### Requirement
What's needed is an exact copy of all the data below, without pictures.

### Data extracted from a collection
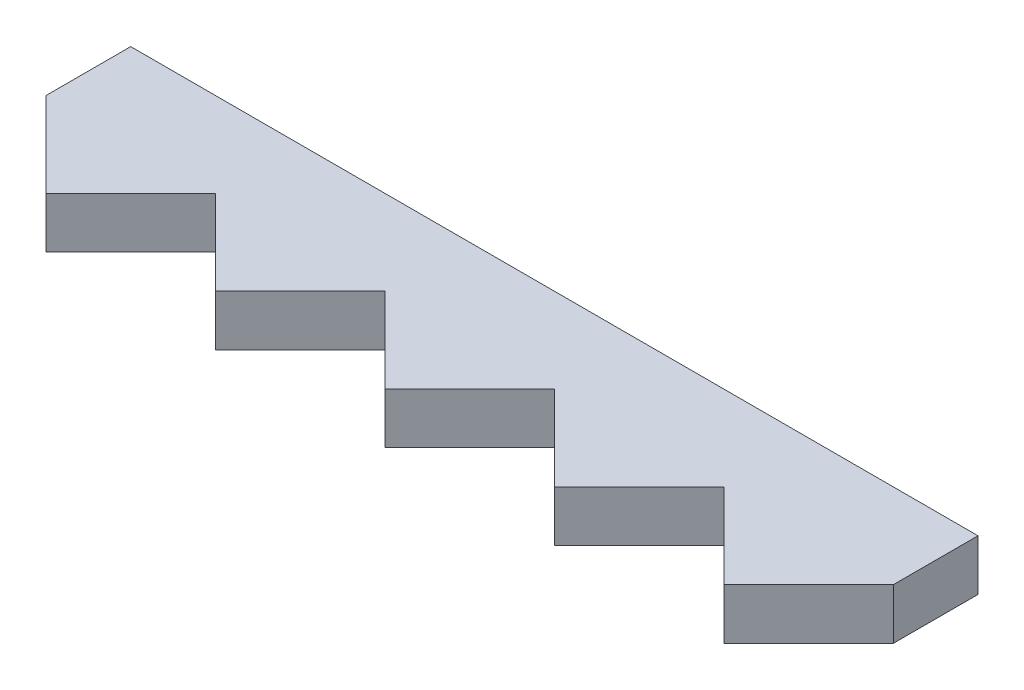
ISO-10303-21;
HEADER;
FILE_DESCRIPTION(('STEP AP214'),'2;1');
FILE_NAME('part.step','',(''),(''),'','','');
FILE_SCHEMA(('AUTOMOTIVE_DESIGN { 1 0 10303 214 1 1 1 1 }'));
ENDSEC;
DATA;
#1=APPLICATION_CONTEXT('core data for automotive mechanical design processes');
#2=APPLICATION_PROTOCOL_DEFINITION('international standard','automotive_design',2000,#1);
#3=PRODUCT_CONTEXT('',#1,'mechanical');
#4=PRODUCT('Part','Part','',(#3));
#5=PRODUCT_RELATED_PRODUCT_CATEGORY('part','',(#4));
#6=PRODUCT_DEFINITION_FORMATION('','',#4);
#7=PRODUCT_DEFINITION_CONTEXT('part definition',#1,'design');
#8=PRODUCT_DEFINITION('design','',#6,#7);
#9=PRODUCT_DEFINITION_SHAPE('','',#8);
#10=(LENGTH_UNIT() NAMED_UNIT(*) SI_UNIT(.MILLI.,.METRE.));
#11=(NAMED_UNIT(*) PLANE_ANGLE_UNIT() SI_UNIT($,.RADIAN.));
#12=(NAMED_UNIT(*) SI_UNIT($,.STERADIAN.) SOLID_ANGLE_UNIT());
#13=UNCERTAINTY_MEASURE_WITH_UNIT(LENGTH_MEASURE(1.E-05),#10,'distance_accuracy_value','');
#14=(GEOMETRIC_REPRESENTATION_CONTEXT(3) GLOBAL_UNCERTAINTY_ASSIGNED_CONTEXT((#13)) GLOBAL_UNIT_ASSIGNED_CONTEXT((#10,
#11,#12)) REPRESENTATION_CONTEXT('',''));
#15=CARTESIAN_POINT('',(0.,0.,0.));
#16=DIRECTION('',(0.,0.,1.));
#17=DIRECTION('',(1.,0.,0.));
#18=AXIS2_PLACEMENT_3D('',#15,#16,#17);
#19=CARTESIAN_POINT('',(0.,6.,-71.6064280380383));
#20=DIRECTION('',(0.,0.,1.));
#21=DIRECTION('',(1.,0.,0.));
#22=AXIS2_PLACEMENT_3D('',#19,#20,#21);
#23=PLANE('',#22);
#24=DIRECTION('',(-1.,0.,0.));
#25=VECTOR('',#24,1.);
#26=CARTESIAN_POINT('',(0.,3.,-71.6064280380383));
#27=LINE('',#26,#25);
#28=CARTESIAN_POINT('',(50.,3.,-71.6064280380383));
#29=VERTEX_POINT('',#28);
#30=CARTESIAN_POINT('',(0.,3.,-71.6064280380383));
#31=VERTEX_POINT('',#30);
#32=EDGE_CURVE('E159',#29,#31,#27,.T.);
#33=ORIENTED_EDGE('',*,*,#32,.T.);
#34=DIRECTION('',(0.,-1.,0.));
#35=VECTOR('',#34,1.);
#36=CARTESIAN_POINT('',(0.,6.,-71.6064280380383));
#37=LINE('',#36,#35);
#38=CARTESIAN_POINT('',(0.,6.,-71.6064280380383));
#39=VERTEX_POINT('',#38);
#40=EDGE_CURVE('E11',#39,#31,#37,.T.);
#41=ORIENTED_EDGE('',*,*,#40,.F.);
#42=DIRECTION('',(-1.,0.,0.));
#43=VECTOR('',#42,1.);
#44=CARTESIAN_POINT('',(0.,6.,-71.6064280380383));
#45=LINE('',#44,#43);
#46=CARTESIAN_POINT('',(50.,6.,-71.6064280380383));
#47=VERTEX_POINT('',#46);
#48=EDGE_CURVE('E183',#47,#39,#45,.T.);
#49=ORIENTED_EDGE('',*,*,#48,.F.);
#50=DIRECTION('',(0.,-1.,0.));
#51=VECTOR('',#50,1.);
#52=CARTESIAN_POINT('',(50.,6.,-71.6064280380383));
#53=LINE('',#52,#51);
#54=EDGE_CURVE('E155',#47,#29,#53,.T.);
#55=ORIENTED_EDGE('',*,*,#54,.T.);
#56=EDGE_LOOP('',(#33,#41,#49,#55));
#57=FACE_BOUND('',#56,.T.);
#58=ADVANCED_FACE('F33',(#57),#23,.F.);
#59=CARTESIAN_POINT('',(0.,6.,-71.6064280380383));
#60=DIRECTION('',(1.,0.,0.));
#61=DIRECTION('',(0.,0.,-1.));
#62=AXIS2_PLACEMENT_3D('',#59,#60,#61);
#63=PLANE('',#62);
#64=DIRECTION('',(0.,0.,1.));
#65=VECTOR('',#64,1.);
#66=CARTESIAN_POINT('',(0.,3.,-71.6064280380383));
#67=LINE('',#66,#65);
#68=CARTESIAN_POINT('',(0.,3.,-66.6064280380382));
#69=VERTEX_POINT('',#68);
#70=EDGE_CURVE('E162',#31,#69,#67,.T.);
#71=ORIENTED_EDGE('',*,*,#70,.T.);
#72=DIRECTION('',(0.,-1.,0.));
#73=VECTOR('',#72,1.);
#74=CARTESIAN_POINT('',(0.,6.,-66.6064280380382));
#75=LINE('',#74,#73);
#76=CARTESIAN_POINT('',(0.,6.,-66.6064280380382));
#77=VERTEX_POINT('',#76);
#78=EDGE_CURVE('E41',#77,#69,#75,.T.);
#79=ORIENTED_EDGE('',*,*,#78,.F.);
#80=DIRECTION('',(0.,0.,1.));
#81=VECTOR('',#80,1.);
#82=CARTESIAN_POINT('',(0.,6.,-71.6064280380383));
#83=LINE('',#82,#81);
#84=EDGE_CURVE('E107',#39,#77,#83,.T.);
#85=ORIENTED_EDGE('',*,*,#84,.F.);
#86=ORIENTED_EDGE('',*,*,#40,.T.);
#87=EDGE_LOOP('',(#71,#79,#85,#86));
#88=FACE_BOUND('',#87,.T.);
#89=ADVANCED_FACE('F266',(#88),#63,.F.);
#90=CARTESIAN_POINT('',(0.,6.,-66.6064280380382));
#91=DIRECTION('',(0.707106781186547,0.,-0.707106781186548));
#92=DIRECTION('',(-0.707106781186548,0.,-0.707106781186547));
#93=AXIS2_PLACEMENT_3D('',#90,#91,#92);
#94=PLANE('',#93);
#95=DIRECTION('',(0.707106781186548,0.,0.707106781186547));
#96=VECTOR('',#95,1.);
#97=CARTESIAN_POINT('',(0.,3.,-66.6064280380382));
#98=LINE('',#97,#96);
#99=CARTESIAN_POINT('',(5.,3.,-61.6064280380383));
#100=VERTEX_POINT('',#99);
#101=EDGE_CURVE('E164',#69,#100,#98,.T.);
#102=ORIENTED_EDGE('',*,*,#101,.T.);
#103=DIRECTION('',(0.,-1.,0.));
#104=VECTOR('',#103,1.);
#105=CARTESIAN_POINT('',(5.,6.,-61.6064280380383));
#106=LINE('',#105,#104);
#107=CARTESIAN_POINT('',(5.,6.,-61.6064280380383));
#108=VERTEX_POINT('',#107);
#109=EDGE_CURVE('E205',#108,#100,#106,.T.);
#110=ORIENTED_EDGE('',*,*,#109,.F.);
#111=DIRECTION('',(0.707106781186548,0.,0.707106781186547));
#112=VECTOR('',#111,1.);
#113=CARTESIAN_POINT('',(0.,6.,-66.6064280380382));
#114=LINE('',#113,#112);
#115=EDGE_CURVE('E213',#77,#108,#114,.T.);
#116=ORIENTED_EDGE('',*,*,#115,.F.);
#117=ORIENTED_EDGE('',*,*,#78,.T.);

### Your solution
ISO-10303-21;
HEADER;
FILE_DESCRIPTION(('STEP AP214'),'2;1');
FILE_NAME('part.step','',(''),(''),'','','');
FILE_SCHEMA(('AUTOMOTIVE_DESIGN { 1 0 10303 214 1 1 1 1 }'));
ENDSEC;
DATA;
#1=APPLICATION_CONTEXT('core data for automotive mechanical design processes');
#2=APPLICATION_PROTOCOL_DEFINITION('international standard','automotive_design',2000,#1);
#3=PRODUCT_CONTEXT('',#1,'mechanical');
#4=PRODUCT('Part','Part','',(#3));
#5=PRODUCT_RELATED_PRODUCT_CATEGORY('part','',(#4));
#6=PRODUCT_DEFINITION_FORMATION('','',#4);
#7=PRODUCT_DEFINITION_CONTEXT('part definition',#1,'design');
#8=PRODUCT_DEFINITION('design','',#6,#7);
#9=PRODUCT_DEFINITION_SHAPE('','',#8);
#10=(LENGTH_UNIT() NAMED_UNIT(*) SI_UNIT(.MILLI.,.METRE.));
#11=(NAMED_UNIT(*) PLANE_ANGLE_UNIT() SI_UNIT($,.RADIAN.));
#12=(NAMED_UNIT(*) SI_UNIT($,.STERADIAN.) SOLID_ANGLE_UNIT());
#13=UNCERTAINTY_MEASURE_WITH_UNIT(LENGTH_MEASURE(1.E-05),#10,'distance_accuracy_value','');
#14=(GEOMETRIC_REPRESENTATION_CONTEXT(3) GLOBAL_UNCERTAINTY_ASSIGNED_CONTEXT((#13)) GLOBAL_UNIT_ASSIGNED_CONTEXT((#10,
#11,#12)) REPRESENTATION_CONTEXT('',''));
#15=CARTESIAN_POINT('',(0.,0.,0.));
#16=DIRECTION('',(0.,0.,1.));
#17=DIRECTION('',(1.,0.,0.));
#18=AXIS2_PLACEMENT_3D('',#15,#16,#17);
#19=CARTESIAN_POINT('',(0.,6.,-71.6064280380383));
#20=DIRECTION('',(0.,0.,1.));
#21=DIRECTION('',(1.,0.,0.));
#22=AXIS2_PLACEMENT_3D('',#19,#20,#21);
#23=PLANE('',#22);
#24=DIRECTION('',(-1.,0.,0.));
#25=VECTOR('',#24,1.);
#26=CARTESIAN_POINT('',(0.,3.,-71.6064280380383));
#27=LINE('',#26,#25);
#28=CARTESIAN_POINT('',(50.,3.,-71.6064280380383));
#29=VERTEX_POINT('',#28);
#30=CARTESIAN_POINT('',(0.,3.,-71.6064280380383));
#31=VERTEX_POINT('',#30);
#32=EDGE_CURVE('E159',#29,#31,#27,.T.);
#33=ORIENTED_EDGE('',*,*,#32,.T.);
#34=DIRECTION('',(0.,-1.,0.));
#35=VECTOR('',#34,1.);
#36=CARTESIAN_POINT('',(0.,6.,-71.6064280380383));
#37=LINE('',#36,#35);
#38=CARTESIAN_POINT('',(0.,6.,-71.6064280380383));
#39=VERTEX_POINT('',#38);
#40=EDGE_CURVE('E11',#39,#31,#37,.T.);
#41=ORIENTED_EDGE('',*,*,#40,.F.);
#42=DIRECTION('',(-1.,0.,0.));
#43=VECTOR('',#42,1.);
#44=CARTESIAN_POINT('',(0.,6.,-71.6064280380383));
#45=LINE('',#44,#43);
#46=CARTESIAN_POINT('',(50.,6.,-71.6064280380383));
#47=VERTEX_POINT('',#46);
#48=EDGE_CURVE('E183',#47,#39,#45,.T.);
#49=ORIENTED_EDGE('',*,*,#48,.F.);
#50=DIRECTION('',(0.,-1.,0.));
#51=VECTOR('',#50,1.);
#52=CARTESIAN_POINT('',(50.,6.,-71.6064280380383));
#53=LINE('',#52,#51);
#54=EDGE_CURVE('E155',#47,#29,#53,.T.);
#55=ORIENTED_EDGE('',*,*,#54,.T.);
#56=EDGE_LOOP('',(#33,#41,#49,#55));
#57=FACE_BOUND('',#56,.T.);
#58=ADVANCED_FACE('F33',(#57),#23,.F.);
#59=CARTESIAN_POINT('',(0.,6.,-71.6064280380383));
#60=DIRECTION('',(1.,0.,0.));
#61=DIRECTION('',(0.,0.,-1.));
#62=AXIS2_PLACEMENT_3D('',#59,#60,#61);
#63=PLANE('',#62);
#64=DIRECTION('',(0.,0.,1.));
#65=VECTOR('',#64,1.);
#66=CARTESIAN_POINT('',(0.,3.,-71.6064280380383));
#67=LINE('',#66,#65);
#68=CARTESIAN_POINT('',(0.,3.,-66.6064280380382));
#69=VERTEX_POINT('',#68);
#70=EDGE_CURVE('E162',#31,#69,#67,.T.);
#71=ORIENTED_EDGE('',*,*,#70,.T.);
#72=DIRECTION('',(0.,-1.,0.));
#73=VECTOR('',#72,1.);
#74=CARTESIAN_POINT('',(0.,6.,-66.6064280380382));
#75=LINE('',#74,#73);
#76=CARTESIAN_POINT('',(0.,6.,-66.6064280380382));
#77=VERTEX_POINT('',#76);
#78=EDGE_CURVE('E41',#77,#69,#75,.T.);
#79=ORIENTED_EDGE('',*,*,#78,.F.);
#80=DIRECTION('',(0.,0.,1.));
#81=VECTOR('',#80,1.);
#82=CARTESIAN_POINT('',(0.,6.,-71.6064280380383));
#83=LINE('',#82,#81);
#84=EDGE_CURVE('E107',#39,#77,#83,.T.);
#85=ORIENTED_EDGE('',*,*,#84,.F.);
#86=ORIENTED_EDGE('',*,*,#40,.T.);
#87=EDGE_LOOP('',(#71,#79,#85,#86));
#88=FACE_BOUND('',#87,.T.);
#89=ADVANCED_FACE('F266',(#88),#63,.F.);
#90=CARTESIAN_POINT('',(0.,6.,-66.6064280380382));
#91=DIRECTION('',(0.707106781186547,0.,-0.707106781186548));
#92=DIRECTION('',(-0.707106781186548,0.,-0.707106781186547));
#93=AXIS2_PLACEMENT_3D('',#90,#91,#92);
#94=PLANE('',#93);
#95=DIRECTION('',(0.707106781186548,0.,0.707106781186547));
#96=VECTOR('',#95,1.);
#97=CARTESIAN_POINT('',(0.,3.,-66.6064280380382));
#98=LINE('',#97,#96);
#99=CARTESIAN_POINT('',(5.,3.,-61.6064280380383));
#100=VERTEX_POINT('',#99);
#101=EDGE_CURVE('E164',#69,#100,#98,.T.);
#102=ORIENTED_EDGE('',*,*,#101,.T.);
#103=DIRECTION('',(0.,-1.,0.));
#104=VECTOR('',#103,1.);
#105=CARTESIAN_POINT('',(5.,6.,-61.6064280380383));
#106=LINE('',#105,#104);
#107=CARTESIAN_POINT('',(5.,6.,-61.6064280380383));
#108=VERTEX_POINT('',#107);
#109=EDGE_CURVE('E205',#108,#100,#106,.T.);
#110=ORIENTED_EDGE('',*,*,#109,.F.);
#111=DIRECTION('',(0.707106781186548,0.,0.707106781186547));
#112=VECTOR('',#111,1.);
#113=CARTESIAN_POINT('',(0.,6.,-66.6064280380382));
#114=LINE('',#113,#112);
#115=EDGE_CURVE('E213',#77,#108,#114,.T.);
#116=ORIENTED_EDGE('',*,*,#115,.F.);
#117=ORIENTED_EDGE('',*,*,#78,.T.);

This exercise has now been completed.